According to the official travel website — http://www.CarmelCalifornia.com — there are more than 40 courtyards and outdoor covered walkways tucked around town, each comprehensively documented with photographs and historical accounts on the site (click on the “Explore” tab.)

But it’s quite possible that visitors staying at one of Carmel’s charming village inns will uncover a few “hidden” nooks and crannies that even the local residents don’t know exist.

Carmel’s courtyards debuted nearly 100 years ago, when noted architect Hugh Comstock built his fairy-tale houses and shops. All the passageways and courtyards boast their own distinct personality and flair, many featuring unique shops, galleries, and restaurants awaiting discovery by visitors (not to mention curious locals).

A quick tour of some of the courtyard or passageway highlights includes:

-Pine Inn. The Pine Inn, designed and built by M.J. Murphy, opened July 4, 1903 and quickly became the central hotel for Carmel. Accessible from Ocean Avenue or Mission Street, there has long been a fine selection of shops on the terrace, including Fourtané Jewelers since 1950.

-Su Vecino. The courtyard's name reflects the neighborly community of Carmel and grew up around the terrace of Su Vecino's Mexican restaurant that opened in the 1950s. Much later, the restaurant was home to the serape worn by Clint Eastwood (Carmel mayor, 1986-88) in the famous 1966 film, “The Good, the Bad and the Ugly.” Another local favorite, Jack London’s Bar & Grill relocated from San Carlos Square to this spot in 2001. Author of “The Call of the Wild,” London often visited his bohemian friends in early Carmel.

-Eastwood Building. Eastwood constructed the redwood-sided building in the mid-1980s, with the courtyard looking down upon the Hog’s Breath Inn (a restaurant he opened in 1992 along with Walter Becker). Today, the passageway offers a nice view down to the Hog’s Breath patio.

-Jordon Center (The McFarland Center). The McFarland Center was built in 1977 on the site of an early service station. Inspired by English Tudor architecture (1485-1603), this collection of shops and businesses offer another angled shortcut from Mission Street to Sixth Avenue — directly across from the fire station. Grasing's Coastal Cuisine restaurant, on the corner, has an award-winning reputation as well as a cozy pet-friendly patio.

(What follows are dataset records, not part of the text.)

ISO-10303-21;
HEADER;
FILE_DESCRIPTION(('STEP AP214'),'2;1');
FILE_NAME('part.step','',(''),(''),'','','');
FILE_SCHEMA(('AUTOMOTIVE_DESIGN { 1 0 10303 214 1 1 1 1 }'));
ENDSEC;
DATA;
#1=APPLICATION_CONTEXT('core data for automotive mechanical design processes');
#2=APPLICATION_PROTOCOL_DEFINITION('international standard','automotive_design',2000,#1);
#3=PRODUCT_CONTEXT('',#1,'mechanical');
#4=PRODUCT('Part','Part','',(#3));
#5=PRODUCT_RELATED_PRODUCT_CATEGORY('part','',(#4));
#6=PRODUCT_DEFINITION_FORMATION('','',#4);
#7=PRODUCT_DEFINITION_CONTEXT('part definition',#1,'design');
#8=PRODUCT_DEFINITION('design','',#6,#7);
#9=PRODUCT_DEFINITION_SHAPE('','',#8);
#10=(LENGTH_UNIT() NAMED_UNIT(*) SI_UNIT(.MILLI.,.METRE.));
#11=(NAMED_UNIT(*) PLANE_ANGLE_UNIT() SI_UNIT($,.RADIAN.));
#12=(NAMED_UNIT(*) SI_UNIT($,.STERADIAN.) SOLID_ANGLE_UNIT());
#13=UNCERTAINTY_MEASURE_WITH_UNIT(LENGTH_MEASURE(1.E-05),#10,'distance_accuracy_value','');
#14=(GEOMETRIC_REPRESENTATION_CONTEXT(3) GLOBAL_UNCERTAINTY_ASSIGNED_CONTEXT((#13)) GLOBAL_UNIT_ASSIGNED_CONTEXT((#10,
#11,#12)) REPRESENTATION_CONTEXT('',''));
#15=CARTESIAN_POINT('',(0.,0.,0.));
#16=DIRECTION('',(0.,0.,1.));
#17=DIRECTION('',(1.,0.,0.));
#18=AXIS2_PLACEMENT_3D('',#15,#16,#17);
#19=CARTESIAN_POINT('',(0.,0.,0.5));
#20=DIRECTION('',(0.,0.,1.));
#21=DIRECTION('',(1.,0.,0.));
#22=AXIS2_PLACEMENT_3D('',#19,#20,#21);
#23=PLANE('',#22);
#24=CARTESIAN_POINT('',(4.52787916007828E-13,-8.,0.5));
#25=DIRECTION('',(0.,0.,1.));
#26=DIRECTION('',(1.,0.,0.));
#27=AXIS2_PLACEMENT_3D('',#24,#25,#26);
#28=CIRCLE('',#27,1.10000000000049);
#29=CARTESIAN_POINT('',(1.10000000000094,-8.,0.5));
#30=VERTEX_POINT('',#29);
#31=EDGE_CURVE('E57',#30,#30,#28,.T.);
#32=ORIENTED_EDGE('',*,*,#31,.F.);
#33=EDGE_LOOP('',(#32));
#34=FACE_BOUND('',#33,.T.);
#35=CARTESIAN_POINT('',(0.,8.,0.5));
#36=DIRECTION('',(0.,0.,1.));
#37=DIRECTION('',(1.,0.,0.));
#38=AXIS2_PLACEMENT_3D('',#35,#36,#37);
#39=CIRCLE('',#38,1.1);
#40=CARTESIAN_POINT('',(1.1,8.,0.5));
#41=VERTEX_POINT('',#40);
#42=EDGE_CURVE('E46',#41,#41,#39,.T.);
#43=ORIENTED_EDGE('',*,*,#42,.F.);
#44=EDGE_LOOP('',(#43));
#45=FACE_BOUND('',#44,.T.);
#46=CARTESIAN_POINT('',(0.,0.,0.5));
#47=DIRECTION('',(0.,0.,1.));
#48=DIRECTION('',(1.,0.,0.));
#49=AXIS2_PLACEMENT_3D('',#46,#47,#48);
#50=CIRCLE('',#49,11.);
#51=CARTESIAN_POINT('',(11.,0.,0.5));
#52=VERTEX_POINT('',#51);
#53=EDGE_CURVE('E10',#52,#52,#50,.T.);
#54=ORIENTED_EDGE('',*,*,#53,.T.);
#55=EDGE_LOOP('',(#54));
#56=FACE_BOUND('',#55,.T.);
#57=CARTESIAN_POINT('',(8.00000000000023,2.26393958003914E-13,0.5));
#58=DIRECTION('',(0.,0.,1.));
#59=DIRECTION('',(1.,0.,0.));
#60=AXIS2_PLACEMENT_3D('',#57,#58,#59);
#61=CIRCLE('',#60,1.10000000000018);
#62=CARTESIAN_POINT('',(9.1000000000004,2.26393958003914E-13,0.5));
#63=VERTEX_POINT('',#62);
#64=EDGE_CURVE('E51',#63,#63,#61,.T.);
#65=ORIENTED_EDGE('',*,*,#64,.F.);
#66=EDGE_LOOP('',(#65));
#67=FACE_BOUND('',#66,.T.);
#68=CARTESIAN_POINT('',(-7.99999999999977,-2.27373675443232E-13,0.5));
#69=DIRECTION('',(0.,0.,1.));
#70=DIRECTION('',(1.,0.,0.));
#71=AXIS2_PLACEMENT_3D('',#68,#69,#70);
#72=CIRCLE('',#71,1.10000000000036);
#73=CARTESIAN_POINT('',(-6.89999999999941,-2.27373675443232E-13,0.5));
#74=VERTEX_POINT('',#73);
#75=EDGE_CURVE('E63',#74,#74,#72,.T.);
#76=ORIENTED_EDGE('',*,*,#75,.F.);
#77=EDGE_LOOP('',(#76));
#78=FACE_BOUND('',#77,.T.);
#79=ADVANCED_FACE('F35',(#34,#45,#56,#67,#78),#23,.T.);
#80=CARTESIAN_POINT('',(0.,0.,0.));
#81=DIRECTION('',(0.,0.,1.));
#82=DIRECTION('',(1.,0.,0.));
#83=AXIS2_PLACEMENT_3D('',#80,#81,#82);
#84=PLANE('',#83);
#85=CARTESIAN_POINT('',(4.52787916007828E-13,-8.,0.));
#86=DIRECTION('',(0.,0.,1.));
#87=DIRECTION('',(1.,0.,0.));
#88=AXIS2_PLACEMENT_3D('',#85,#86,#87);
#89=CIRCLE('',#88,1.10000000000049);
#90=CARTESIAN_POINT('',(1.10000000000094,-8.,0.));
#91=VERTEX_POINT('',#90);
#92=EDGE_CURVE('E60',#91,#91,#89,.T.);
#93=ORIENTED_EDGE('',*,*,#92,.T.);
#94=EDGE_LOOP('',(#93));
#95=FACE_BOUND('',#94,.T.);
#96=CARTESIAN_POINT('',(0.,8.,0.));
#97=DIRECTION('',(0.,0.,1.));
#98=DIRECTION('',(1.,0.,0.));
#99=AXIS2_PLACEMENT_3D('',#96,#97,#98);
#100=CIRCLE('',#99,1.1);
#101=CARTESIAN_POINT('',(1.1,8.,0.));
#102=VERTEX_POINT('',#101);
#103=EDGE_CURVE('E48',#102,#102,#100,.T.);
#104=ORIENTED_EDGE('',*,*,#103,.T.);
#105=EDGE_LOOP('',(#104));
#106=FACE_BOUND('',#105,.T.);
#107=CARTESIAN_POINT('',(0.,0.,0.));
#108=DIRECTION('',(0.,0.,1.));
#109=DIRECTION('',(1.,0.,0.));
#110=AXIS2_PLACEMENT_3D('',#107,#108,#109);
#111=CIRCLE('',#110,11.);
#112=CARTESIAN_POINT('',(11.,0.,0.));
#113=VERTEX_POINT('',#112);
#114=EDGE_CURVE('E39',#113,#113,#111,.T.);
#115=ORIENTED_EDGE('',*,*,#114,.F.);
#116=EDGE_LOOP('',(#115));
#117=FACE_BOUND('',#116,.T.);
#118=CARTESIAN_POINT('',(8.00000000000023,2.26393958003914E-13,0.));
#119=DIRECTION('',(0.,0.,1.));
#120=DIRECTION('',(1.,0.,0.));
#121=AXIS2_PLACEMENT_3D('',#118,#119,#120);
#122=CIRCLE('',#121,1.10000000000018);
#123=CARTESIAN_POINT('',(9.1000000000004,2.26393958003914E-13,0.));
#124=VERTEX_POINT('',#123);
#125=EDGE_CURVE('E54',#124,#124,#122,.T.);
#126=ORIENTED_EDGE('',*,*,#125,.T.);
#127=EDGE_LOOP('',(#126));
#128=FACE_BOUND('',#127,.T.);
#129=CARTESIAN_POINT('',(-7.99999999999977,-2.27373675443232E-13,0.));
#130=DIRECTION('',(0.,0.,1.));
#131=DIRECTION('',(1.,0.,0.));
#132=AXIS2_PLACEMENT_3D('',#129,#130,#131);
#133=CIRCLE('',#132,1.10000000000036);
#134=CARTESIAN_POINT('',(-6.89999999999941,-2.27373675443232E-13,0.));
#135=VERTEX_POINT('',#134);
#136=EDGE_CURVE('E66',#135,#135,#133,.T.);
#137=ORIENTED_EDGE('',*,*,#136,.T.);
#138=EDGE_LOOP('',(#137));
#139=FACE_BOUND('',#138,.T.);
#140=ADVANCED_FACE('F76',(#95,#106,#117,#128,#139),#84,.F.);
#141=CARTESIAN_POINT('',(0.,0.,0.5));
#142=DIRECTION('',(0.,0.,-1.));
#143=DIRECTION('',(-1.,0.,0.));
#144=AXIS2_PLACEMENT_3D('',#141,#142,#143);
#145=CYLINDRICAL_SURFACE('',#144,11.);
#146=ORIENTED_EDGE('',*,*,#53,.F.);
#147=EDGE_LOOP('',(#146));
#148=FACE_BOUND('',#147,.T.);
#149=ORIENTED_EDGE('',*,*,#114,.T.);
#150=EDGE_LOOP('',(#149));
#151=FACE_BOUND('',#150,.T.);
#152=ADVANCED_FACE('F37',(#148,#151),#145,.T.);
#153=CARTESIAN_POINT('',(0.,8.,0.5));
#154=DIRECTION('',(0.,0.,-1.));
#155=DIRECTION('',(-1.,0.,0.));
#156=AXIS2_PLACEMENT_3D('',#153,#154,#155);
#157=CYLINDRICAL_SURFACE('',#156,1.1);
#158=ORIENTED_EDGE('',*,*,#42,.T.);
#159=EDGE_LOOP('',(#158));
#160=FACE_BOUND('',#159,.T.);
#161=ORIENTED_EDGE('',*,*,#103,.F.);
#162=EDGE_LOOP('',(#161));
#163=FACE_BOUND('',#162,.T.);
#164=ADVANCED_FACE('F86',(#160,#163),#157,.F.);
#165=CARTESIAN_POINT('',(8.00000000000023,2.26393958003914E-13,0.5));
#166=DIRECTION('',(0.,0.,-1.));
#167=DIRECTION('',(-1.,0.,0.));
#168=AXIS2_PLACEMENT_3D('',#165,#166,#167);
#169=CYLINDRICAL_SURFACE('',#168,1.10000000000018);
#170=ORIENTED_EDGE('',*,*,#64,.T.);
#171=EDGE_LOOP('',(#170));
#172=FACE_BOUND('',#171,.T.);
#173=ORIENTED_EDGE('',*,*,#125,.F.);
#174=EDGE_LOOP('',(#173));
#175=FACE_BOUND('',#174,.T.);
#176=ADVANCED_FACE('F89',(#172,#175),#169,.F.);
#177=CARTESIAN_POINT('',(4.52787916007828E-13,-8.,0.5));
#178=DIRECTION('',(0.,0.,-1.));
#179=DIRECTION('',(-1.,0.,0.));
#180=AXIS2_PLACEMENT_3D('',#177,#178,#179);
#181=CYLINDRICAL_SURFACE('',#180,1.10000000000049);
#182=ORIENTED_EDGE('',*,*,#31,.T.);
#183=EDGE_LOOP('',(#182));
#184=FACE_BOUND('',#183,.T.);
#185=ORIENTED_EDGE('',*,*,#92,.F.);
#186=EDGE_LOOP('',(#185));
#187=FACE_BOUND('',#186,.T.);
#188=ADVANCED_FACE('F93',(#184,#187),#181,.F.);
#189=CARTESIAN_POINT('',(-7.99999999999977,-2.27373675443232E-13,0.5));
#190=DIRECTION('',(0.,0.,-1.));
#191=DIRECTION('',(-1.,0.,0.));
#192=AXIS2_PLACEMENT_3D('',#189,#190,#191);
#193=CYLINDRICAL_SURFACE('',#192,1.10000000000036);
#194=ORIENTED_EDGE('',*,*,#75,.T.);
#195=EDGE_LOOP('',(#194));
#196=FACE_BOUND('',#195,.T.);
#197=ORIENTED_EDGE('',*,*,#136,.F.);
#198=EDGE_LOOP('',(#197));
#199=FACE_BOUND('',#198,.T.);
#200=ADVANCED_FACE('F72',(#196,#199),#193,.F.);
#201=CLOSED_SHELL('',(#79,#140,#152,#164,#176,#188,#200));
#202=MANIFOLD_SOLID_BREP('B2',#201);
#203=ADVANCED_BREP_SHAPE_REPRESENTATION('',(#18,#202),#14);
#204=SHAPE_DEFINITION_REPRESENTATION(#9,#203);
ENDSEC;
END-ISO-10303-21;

-Court of the Golden Bough. Hailed as “A Bit of Old Europe,” this courtyard is considered Carmel's first shopping center. Former Los Angeles attorney, Edward Kuster, fulfilled a dream when in 1923 he built the Theatre of the Golden Bough. In 1923, Kuster moved a unique, curlicue-roofed building from Ocean and Monte Verde (well known today as The Cottage of Sweets store) to be a fanciful ticket booth for his new Golden Bough Playhouse. Meandering through the winding passageways and stairs here may serve as a reminder of an early scene from Eastwood's 1971 film, “Play Misty for Me.”

-Doud Arcade. Completed in 1961, the arcade provides an interesting stroll from its Ocean Avenue entrance to San Carlos Street. Originally it housed local craft studios and small shops. The artisan feeling remains today, especially in the central interior courtyard with its red tile floor.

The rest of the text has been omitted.